Most people do have easier second births, yes. The hormone receptor sites in your cervix and uterus have been used before and tend to respond more quickly to labor hormones. Your ligaments have already been stretched once and will stretch more easily a second time.

Are there exceptions? Sure. But most people do have an easier time. I would just continue on with the mindset that it is going to be a positive experience. Worry will not change anything and only teaches you to fear birth, which produces anxiety and tension. (Not a birthing mom's friend.)


----------



## danav (Jun 3, 2005)

My second birth was just DIFFERENT. In some ways it was better - it was shorter (the painful part, anyway), and I remained fully alert and aware through it, whereas during my first labor I "zoned out" and my memory was really fuzzy afterwards (no drugs, just how my body responded to the intensity of it all).
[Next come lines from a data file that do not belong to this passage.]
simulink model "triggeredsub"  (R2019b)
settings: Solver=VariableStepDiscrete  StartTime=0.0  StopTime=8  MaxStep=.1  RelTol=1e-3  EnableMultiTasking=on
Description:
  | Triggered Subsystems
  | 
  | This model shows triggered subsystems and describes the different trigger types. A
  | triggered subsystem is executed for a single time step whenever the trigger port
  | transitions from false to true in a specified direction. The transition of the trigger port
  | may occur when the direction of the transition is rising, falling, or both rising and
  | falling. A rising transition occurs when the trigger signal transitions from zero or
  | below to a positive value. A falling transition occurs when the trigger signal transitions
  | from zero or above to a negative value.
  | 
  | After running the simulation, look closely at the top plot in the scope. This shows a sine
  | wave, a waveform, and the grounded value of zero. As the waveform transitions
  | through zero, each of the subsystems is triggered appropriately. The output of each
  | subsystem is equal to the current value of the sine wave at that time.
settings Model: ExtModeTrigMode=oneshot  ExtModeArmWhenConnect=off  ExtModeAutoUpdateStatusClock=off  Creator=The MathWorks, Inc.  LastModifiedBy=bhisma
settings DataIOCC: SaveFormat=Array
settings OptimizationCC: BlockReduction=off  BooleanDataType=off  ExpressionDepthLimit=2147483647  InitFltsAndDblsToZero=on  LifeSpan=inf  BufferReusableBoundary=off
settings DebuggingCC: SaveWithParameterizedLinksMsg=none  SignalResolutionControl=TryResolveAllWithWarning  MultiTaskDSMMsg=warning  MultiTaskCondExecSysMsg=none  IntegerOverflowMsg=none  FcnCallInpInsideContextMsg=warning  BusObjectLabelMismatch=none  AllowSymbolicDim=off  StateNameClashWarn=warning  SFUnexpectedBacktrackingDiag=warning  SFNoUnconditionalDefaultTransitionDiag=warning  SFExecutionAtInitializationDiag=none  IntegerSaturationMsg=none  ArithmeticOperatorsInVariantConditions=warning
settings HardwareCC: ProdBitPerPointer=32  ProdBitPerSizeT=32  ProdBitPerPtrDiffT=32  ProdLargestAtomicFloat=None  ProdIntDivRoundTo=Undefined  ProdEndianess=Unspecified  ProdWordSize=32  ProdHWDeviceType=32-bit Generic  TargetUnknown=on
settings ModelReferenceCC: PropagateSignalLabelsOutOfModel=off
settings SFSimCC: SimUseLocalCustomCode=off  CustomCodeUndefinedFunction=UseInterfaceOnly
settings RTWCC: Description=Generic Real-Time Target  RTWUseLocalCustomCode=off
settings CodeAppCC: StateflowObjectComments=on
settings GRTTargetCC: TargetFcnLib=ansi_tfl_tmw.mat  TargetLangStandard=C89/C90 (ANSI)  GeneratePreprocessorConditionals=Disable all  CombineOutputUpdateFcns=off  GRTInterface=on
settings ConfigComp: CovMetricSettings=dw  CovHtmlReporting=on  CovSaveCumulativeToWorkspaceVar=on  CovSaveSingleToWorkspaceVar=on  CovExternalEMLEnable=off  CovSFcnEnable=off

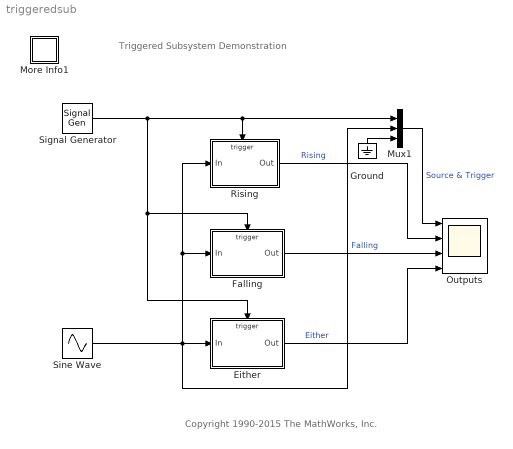
== system triggeredsub ==
  note: Triggered Subsystem Demonstration
  note: Copyright 1990-2015 The MathWorks, Inc.
  Either : Subsystem
  Falling : Subsystem
  Ground : Ground
  More Info1 : Subsystem
      settings: OpenFcn=showdemo(bdroot(gcs))
      mask Display: disp('?')
  Mux1 : Mux  Inputs=3
  Outputs : Scope  NumInputPorts=4
      settings: StartFcn=open_system(gcbh)
  Rising : Subsystem
  Signal Generator : SignalGenerator  WaveForm=square  Amplitude=0.5
      settings: AttributesFormatString=Waveform: %<waveform>\nFreq: %<Frequency> %<Units>
  Sine Wave : Sin  Frequency=8  SampleTime=0
      settings: AttributesFormatString=Freq: %<Frequency> rad/sec
  wires:
  Signal Generator/1 -> Rising/Trigger, Mux1/1, Either/Trigger, Falling/Trigger
  Sine Wave/1 -> Falling/1(In), Rising/1(In), Either/1(In), Mux1/2
  Ground/1 -> Mux1/3
  Rising/1(Out) -> Outputs/2  "Rising"
  Falling/1(Out) -> Outputs/3  "Falling"
  Either/1(Out) -> Outputs/4  "Either"
  Mux1/1 -> Outputs/1  "Source & Trigger"

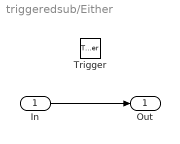
== system triggeredsub/Either ==
  In : Inport
  Trigger : TriggerPort  TriggerType=either  VariantControl=(inherit)
  Out : Outport  InitialOutput=0  VectorParamsAs1DForOutWhenUnconnected=off
  wires:
  In/1 -> Out/1

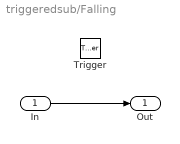
== system triggeredsub/Falling ==
  In : Inport
  Trigger : TriggerPort  TriggerType=falling  VariantControl=(inherit)
  Out : Outport  InitialOutput=0  VectorParamsAs1DForOutWhenUnconnected=off
  wires:
  In/1 -> Out/1

== system triggeredsub/More Info1 ==

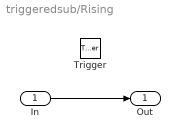
== system triggeredsub/Rising ==
  In : Inport
  Trigger : TriggerPort  VariantControl=(inherit)
  Out : Outport  InitialOutput=0  VectorParamsAs1DForOutWhenUnconnected=off
  wires:
  In/1 -> Out/1

I was overwhelmed the first time with the sheer power of labor, but the second time I felt more prepared (even though I recall thinking in the middle of it "Why the h*** did I want to do this AGAIN?" :LOL ). I had lots of back labor the second time, though, because of Noah's position, so the pain was different than in the first birth. And the actual birth was much worse the second time because he was suprise breech and required resucitation and transfer to the hospital. But he did come out faster (pushing stage was 35 min the first birth, 15 min the second birth).

So, I think there are so many variables that affect labor and birth you can't really compare easily - in general, your body has "been there, done that" and that usually makes it a bit easier, but other factors can influence the process as well.


----------



## Nosy (Feb 23, 2004)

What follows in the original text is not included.